生ぬるい少量の液体が耀の首を濡らす。そのすべてを受け止められるように、と、麻の頭を丸ごと包み込み、耀はその髪をそっと撫でた。麻は彼に身を任せたまま、ぐすぐすと涙を流した。悔しさ、悲しさ、怒り、今まで背負ってきた疲労と苦しみ。そのすべてを涙で洗い流すかのように、麻は泣いた。あるだけの声と体力を使い、とにかく涙として外へ流す。その行為は、快楽に近い快感を心に招いた。
「……ん、ありがとう。もう大丈夫」
「そう」
一言だけ言う。それを確認した麻は微笑み、シャワーを浴びるからとシーツを細い体に巻きつけそそくさと部屋を出て行った。取り残された耀はベッドに体を預けたまま、深く考え込んでいた。
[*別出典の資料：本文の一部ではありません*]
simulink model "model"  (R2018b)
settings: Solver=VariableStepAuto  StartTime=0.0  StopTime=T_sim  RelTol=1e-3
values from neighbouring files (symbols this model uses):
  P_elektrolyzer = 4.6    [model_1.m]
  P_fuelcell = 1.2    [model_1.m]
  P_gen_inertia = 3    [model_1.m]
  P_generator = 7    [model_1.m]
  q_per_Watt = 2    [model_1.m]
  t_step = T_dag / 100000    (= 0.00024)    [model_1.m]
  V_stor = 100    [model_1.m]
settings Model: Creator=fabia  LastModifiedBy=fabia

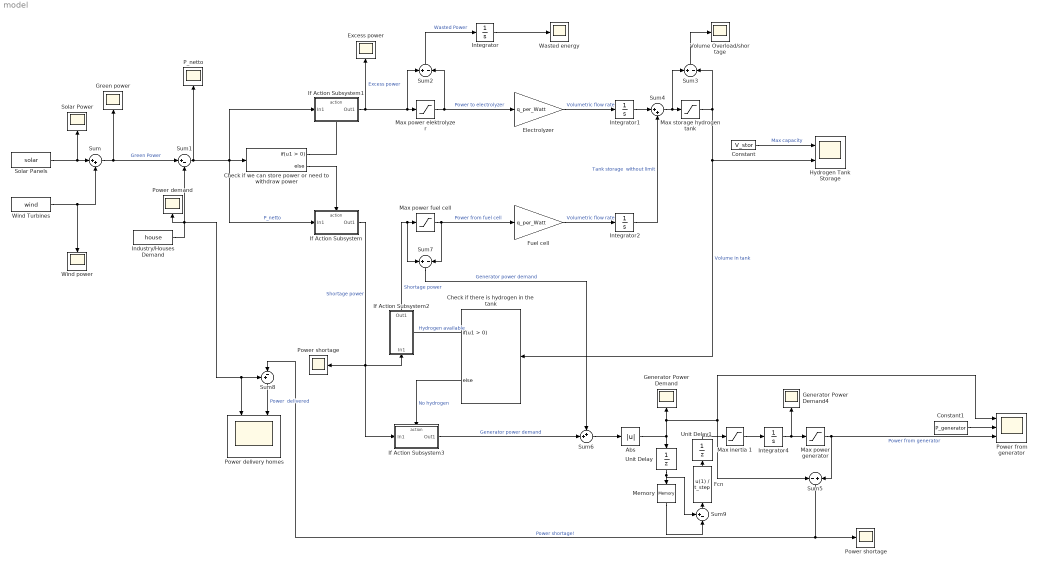
== system model ==
  Abs : Abs
  "Check if there is hydrogen in the tank " : If
  Check if we can store power or need to withdraw power : If
  Constant : Constant  Value=V_stor
  Constant1 : Constant  Value=P_generator
  Electrolyzer : Gain  Gain=q_per_Watt
  Excess power : Scope
  Fcn : Fcn  Expr=u(1) / t_step
  Fuel cell : Gain  Gain=q_per_Watt
  Generator Power Demand : Scope
  Generator Power Demand4 : Scope
  Green power : Scope
  Hydrogen Tank Storage : Scope  NumInputPorts=2
  If Action Subsystem : Subsystem  TreatAsAtomicUnit=on
  If Action Subsystem1 : Subsystem  TreatAsAtomicUnit=on
  If Action Subsystem2 : Subsystem  TreatAsAtomicUnit=on
  If Action Subsystem3 : Subsystem  TreatAsAtomicUnit=on
  Industry/Houses Demand : FromWorkspace  VariableName=house  SampleTime=t_step  Interpolate=off  OutputAfterFinalValue=Setting to zero
  Integrator : Integrator
  Integrator1 : Integrator
  Integrator2 : Integrator
  Integrator4 : Integrator  InitialCondition=0.5
  Max inertia 1 : Saturate  UpperLimit=P_gen_inertia  LowerLimit=-1 * P_gen_inertia
  Max power elektrolyzer : Saturate  UpperLimit=P_elektrolyzer  LowerLimit=0
  Max power fuel cell : Saturate  UpperLimit=0  LowerLimit=-1 * P_fuelcell
  Max power generator : Saturate  UpperLimit=P_generator  LowerLimit=0
  Max storage hydrogen tank : Saturate  UpperLimit=V_stor  LowerLimit=0
  Memory : Memory  InitialCondition=0.5
  P_netto : Scope
  Power delivery homes : Scope  NumInputPorts=2
  Power demand : Scope
  Power from generator : Scope  NumInputPorts=3
  Power shortage : Scope
  "Power shortage " : Scope
  Solar Panels : FromWorkspace  VariableName=solar  SampleTime=t_step  Interpolate=off  OutputAfterFinalValue=Setting to zero
  Solar Power : Scope
  Sum : Sum  Inputs=|++
  Sum1 : Sum  Inputs=|+-
  Sum2 : Sum  Inputs=+-
  Sum3 : Sum  Inputs=+-
  Sum4 : Sum  Inputs=|++
  Sum5 : Sum  Inputs=-+
  Sum6 : Sum  Inputs=++|
  Sum7 : Sum  Inputs=+-
  Sum8 : Sum  Inputs=+-|
  Sum9 : Sum  Inputs=+-|
  Unit Delay : UnitDelay  InitialCondition=0.5  SampleTime=t_step
  Unit Delay1 : UnitDelay  SampleTime=t_step
  Volume Overload/shortage : Scope
  Wasted energy : Scope
  Wind Turbines : FromWorkspace  VariableName=wind  SampleTime=t_step  Interpolate=off  OutputAfterFinalValue=Setting to zero
  Wind power : Scope
  wires:
  Sum/1 -> Green power/1, Sum1/1  "Green Power"
  Sum1/1 -> P_netto/1, If Action Subsystem1/1(In1), If Action Subsystem/1(In1), Check if we can store power or need to withdraw power/1  "P_netto"
  Check if we can store power or need to withdraw power/2 -> If Action Subsystem/Action
  Check if we can store power or need to withdraw power/1 -> If Action Subsystem1/Action
  If Action Subsystem1/1(Out1) -> Sum2/1, Max power elektrolyzer/1, Excess power/1  "Excess power"
  Max power elektrolyzer/1 -> Sum2/2, Electrolyzer/1  "Power to electrolyzer"
  Sum2/1 -> Integrator/1  "Wasted Power"
  Integrator/1 -> Wasted energy/1
  Electrolyzer/1 -> Integrator1/1  "Volumetric flow rate"
  Constant/1 -> Hydrogen Tank Storage/1  "Max capacity"
  Integrator1/1 -> Sum4/1
  Sum3/1 -> Volume Overload/shortage/1
  Max storage hydrogen tank/1 -> "Check if there is hydrogen in the tank "/1, Hydrogen Tank Storage/2, Sum3/2  "Volume in tank"
  If Action Subsystem/1(Out1) -> Power shortage/1, If Action Subsystem3/1(In1), If Action Subsystem2/1(In1)  "Shortage power"
  Max power fuel cell/1 -> Sum7/2, Fuel cell/1  "Power from fuel cell"
  Fuel cell/1 -> Integrator2/1  "Volumetric flow rate"
  Sum4/1 -> Sum3/1, Max storage hydrogen tank/1
  Integrator2/1 -> Sum4/2  "Tank storage  without limit"
  "Check if there is hydrogen in the tank "/1 -> If Action Subsystem2/Action  "Hydrogen available"
  "Check if there is hydrogen in the tank "/2 -> If Action Subsystem3/Action  "No hydrogen"
  If Action Subsystem2/1(Out1) -> Sum7/1, Max power fuel cell/1  "Shortage power"
  Max power generator/1 -> Power from generator/3, Sum5/2  "Power from generator"
  If Action Subsystem3/1(Out1) -> Sum6/2  "Generator power demand"
  Sum7/1 -> Sum6/1  "Generator power demand"
  Sum8/1 -> Power delivery homes/2  "Power  delivered"
  Solar Panels/1 -> Solar Power/1, Sum/1
  Constant1/1 -> Power from generator/2
  Industry/Houses Demand/1 -> Power delivery homes/1, Sum8/1, Sum1/2, Power demand/1
  Wind Turbines/1 -> Sum/2, Wind power/1
  Sum6/1 -> Abs/1
  Abs/1 -> Power from generator/1, Sum5/1, Generator Power Demand/1, Unit Delay/1
  Sum5/1 -> Sum8/2, "Power shortage "/1  "Power shortage!"
  Unit Delay/1 -> Sum9/1, Memory/1
  Fcn/1 -> Unit Delay1/1
  Sum9/1 -> Fcn/1
  Memory/1 -> Sum9/2
  Unit Delay1/1 -> Max inertia 1/1
  Max inertia 1/1 -> Integrator4/1
  Integrator4/1 -> Max power generator/1, Generator Power Demand4/1

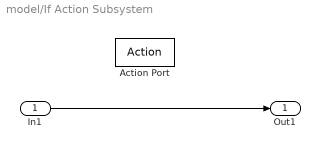
== system model/If Action Subsystem ==
  In1 : Inport
  Action Port : ActionPort  ActionType=else
  Out1 : Outport
  wires:
  In1/1 -> Out1/1

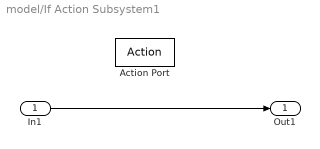
== system model/If Action Subsystem1 ==
  In1 : Inport
  Action Port : ActionPort  ActionType=then
  Out1 : Outport
  wires:
  In1/1 -> Out1/1

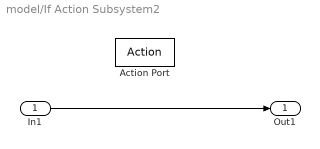
== system model/If Action Subsystem2 ==
  In1 : Inport
  Action Port : ActionPort  ActionType=then
  Out1 : Outport
  wires:
  In1/1 -> Out1/1

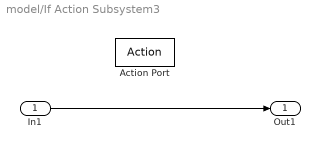
== system model/If Action Subsystem3 ==
  In1 : Inport
  Action Port : ActionPort  ActionType=else
  Out1 : Outport
  wires:
  In1/1 -> Out1/1

麻は自分を見てなどいない。恐らく、陽でも耀でもない誰かを心の底から深く愛しているのだろう。だが、その‘誰か’は二度と会えない‘誰か’なのだ。麻も薄々諦めがついてきているに違いない。耀は何故かしら大きな怒りを抱いていた。それが嫉妬心だったとは知るよしもなく、彼は苛立ちと不安をぐるぐるとめぐらせたままでいた。麻は一体、あの儚げな瞳で何を見ているというのだろう。あの娘は実は快楽など求めていないのではないのだろうか。快楽ではなく、自らを守護してくれる愛が欲しいのかもしれない。果たして、自分は彼女にどれだけの安心と愛情を注ぐことができるのだろう。心から愛しているということを露見できない身の上で、どうしてそんなことができようか。麻は半ば、自分たちに体を捧げてさえいる。彼女だって望んで売られてきたわけではないはずなのだ。自分は黙って去るべきなのだろうか。否、それとも外側だけでも、彼女に想いを寄せてしまった者として彼女の寂しさを満たす役割を受け入れるべきなのか。どうしようもない悲しみと口惜しさが、体中からこみ上げるようだった。